What to do: Exactly as written, output the lines below starting from the first and ending with the line that contains "# ---- materials"; omit pictures.

Records from a dataset:
*** Block opens ***

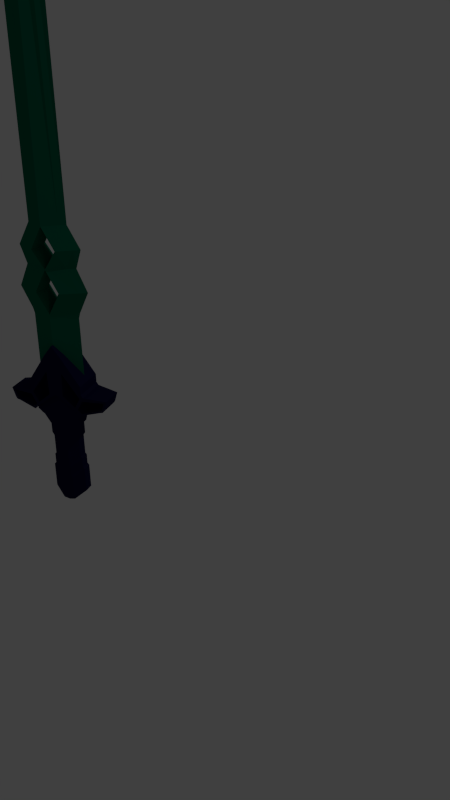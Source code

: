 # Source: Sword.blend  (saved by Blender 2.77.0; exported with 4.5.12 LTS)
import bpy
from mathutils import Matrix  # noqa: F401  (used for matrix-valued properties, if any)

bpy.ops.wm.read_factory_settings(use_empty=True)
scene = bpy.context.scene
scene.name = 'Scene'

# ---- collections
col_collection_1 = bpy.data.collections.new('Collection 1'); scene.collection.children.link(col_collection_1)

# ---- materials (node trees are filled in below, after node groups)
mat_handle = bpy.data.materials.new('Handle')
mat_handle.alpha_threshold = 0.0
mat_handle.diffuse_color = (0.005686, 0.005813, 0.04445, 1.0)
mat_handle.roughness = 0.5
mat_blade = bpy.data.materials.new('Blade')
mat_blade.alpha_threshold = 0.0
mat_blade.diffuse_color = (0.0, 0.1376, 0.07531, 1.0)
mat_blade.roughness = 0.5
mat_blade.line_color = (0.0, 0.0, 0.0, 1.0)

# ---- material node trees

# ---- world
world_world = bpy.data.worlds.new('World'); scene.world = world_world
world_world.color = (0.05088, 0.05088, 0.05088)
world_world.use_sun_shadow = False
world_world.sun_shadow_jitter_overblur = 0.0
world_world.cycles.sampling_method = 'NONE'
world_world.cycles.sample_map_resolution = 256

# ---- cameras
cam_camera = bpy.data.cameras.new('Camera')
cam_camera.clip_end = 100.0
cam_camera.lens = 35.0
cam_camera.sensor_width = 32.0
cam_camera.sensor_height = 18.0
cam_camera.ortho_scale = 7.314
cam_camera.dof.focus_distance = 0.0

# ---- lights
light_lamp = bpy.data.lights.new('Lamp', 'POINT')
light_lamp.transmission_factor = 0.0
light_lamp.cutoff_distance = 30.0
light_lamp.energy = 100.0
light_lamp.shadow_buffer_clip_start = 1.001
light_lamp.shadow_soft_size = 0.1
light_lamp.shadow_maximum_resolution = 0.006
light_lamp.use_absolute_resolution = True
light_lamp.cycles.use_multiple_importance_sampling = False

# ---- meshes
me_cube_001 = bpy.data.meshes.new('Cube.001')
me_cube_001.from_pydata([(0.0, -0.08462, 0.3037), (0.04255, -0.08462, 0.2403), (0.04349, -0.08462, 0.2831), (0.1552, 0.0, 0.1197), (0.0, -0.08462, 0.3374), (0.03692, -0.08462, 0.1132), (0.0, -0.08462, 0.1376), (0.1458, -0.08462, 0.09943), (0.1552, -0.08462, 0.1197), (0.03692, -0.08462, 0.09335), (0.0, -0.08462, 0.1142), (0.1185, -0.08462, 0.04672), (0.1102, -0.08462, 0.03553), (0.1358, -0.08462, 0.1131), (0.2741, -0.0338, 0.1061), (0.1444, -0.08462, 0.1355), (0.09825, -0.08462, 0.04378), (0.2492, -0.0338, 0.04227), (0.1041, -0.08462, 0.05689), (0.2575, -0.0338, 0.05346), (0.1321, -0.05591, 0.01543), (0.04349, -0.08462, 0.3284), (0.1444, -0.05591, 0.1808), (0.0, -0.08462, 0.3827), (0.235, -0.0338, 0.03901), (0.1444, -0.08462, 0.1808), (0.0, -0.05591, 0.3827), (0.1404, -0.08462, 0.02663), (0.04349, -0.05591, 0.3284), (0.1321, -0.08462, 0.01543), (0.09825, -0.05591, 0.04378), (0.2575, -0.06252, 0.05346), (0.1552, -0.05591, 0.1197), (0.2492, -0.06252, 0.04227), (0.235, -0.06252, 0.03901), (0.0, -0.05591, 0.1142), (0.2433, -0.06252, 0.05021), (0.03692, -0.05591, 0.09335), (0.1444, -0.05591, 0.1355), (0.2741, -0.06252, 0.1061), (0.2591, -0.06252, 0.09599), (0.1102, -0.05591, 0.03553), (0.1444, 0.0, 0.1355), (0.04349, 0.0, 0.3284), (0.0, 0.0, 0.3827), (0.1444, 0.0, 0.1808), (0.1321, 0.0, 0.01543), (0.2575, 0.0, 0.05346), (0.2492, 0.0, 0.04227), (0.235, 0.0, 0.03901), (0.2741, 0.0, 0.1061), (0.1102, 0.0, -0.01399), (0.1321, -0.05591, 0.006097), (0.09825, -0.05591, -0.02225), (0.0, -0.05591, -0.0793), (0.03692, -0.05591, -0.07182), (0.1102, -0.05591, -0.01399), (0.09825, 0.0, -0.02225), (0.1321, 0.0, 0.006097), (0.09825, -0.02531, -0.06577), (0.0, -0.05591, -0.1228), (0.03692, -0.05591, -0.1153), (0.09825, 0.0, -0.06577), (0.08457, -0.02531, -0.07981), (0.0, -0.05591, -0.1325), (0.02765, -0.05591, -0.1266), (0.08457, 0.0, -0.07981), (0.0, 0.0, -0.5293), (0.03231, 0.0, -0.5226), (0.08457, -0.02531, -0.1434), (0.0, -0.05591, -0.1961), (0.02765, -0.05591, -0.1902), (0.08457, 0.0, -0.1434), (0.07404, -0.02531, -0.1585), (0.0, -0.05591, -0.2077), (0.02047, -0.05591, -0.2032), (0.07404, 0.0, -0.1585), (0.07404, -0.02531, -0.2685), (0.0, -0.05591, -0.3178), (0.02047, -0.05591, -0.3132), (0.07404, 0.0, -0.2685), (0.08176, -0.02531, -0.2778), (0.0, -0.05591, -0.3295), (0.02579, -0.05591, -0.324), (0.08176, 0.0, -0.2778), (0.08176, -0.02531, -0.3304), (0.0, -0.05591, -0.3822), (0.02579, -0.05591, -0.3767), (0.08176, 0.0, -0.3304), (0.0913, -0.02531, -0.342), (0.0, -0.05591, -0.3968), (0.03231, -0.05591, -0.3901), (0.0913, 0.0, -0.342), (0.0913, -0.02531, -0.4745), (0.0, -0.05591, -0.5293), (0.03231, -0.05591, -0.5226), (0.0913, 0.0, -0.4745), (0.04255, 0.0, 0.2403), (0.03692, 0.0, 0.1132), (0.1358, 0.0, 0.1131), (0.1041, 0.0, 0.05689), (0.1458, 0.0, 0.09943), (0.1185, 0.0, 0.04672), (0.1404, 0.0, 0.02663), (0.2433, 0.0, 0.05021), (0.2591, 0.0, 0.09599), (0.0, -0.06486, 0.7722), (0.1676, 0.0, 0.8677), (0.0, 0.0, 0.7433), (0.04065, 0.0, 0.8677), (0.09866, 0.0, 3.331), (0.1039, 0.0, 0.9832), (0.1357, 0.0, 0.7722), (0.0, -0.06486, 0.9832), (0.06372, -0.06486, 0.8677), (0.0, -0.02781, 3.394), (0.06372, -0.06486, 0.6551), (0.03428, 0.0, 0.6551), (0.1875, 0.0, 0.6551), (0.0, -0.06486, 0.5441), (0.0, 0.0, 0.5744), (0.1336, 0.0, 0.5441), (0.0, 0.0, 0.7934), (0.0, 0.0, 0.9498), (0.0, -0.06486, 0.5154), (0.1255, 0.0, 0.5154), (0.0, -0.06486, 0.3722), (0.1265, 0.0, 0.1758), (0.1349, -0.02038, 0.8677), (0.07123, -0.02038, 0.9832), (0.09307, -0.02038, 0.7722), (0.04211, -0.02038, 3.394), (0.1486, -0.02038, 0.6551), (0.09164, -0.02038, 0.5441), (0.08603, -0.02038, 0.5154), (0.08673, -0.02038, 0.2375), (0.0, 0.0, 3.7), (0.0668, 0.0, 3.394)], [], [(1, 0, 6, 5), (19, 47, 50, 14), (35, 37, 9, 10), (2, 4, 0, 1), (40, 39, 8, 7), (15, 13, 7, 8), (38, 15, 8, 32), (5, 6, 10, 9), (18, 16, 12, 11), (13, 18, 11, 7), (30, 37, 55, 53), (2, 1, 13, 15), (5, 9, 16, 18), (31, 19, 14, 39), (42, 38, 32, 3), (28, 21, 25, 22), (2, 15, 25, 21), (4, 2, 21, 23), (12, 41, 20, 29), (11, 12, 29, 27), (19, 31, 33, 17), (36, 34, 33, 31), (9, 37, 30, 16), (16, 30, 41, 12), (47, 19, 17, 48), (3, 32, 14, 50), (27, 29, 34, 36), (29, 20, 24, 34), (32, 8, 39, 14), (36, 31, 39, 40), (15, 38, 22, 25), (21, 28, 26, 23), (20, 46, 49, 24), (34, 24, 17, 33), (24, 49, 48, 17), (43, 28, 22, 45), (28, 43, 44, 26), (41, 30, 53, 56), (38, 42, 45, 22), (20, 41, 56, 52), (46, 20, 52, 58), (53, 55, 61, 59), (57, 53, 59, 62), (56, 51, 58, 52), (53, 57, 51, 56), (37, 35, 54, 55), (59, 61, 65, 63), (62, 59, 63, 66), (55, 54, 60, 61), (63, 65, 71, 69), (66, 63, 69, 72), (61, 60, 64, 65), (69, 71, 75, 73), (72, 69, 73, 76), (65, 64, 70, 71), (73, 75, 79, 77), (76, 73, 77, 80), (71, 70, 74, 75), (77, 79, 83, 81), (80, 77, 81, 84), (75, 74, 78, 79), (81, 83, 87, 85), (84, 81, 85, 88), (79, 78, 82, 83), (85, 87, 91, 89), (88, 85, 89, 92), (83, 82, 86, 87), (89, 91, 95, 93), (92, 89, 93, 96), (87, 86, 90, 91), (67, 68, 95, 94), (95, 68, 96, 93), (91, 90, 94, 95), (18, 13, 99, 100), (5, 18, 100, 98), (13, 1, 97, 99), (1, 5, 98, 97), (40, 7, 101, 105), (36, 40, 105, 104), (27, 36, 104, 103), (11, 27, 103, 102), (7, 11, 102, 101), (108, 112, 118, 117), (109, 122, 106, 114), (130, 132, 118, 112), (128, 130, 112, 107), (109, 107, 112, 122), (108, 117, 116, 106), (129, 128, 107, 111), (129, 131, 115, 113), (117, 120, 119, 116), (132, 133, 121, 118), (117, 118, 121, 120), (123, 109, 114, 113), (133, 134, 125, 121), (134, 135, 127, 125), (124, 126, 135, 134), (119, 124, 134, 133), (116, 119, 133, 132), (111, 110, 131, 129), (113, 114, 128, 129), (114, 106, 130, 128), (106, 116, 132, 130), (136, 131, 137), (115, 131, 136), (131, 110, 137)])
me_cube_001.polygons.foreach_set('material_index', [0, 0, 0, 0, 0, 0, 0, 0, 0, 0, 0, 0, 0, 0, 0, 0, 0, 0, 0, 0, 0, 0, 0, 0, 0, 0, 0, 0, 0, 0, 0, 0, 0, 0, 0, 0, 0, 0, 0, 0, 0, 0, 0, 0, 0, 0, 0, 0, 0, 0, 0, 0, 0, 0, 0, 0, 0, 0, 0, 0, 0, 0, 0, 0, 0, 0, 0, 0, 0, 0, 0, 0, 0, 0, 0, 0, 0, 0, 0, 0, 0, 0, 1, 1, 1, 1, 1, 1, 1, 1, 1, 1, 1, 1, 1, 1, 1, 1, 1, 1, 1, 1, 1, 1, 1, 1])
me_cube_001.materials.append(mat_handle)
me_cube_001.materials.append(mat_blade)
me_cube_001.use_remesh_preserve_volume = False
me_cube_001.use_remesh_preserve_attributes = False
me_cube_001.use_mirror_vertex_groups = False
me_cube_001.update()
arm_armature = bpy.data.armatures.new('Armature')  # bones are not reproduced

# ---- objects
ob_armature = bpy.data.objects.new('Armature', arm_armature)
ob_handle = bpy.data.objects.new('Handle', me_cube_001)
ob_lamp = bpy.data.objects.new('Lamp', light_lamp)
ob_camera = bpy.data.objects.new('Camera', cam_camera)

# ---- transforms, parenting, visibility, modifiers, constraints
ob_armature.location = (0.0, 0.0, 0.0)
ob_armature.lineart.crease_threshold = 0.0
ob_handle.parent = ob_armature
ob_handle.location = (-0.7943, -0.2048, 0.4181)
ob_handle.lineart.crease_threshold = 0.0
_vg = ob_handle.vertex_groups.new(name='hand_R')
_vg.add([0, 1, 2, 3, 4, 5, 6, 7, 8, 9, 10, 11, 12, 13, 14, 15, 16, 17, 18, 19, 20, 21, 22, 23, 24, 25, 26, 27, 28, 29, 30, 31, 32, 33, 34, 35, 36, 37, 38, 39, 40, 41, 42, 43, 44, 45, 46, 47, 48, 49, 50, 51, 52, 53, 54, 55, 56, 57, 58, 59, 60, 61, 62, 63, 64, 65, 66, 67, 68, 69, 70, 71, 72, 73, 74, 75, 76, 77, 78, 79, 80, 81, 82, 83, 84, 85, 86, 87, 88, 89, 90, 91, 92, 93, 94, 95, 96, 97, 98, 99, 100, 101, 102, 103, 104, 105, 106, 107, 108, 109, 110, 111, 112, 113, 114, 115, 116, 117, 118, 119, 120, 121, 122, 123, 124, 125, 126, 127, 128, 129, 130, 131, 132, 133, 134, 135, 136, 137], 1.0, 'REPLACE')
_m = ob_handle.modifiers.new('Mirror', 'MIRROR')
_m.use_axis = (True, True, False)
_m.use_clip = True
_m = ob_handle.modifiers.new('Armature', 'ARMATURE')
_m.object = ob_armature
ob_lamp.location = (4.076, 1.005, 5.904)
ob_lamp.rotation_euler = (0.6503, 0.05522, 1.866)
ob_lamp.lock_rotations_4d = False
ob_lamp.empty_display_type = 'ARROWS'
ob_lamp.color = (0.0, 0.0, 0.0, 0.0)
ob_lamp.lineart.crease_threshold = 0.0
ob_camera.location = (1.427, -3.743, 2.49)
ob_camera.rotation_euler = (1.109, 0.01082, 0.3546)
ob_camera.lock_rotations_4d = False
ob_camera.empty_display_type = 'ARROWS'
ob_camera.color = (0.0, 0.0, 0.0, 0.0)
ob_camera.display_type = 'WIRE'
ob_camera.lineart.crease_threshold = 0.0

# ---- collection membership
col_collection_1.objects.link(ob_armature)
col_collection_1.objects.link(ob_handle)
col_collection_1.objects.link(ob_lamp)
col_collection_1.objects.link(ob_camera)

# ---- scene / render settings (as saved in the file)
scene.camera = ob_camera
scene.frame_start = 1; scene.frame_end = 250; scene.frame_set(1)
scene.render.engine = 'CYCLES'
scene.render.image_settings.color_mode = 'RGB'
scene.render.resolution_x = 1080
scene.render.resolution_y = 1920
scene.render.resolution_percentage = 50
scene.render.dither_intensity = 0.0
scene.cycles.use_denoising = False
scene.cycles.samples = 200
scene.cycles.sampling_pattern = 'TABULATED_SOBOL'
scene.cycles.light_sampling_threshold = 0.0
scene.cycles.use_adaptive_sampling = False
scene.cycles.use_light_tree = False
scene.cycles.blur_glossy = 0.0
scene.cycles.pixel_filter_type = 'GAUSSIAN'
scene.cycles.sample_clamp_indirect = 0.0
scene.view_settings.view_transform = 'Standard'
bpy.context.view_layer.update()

*** Block closes ***

Response area:
Source code

: # Source: Sword.blend  (saved by Blender 2.77.0; exported with 4.5.12 LTS)
import bpy
from mathutils import Matrix  # noqa: F401  (used for matrix-valued properties, if any)

bpy.ops.wm.read_factory_settings(use_empty=True)
scene = bpy.context.scene
scene.name = 'Scene'

# ---- collections
col_collection_1 = bpy.data.collections.new('Collection 1'); scene.collection.children.link(col_collection_1)

# ---- materials (node trees are filled in below, after node groups)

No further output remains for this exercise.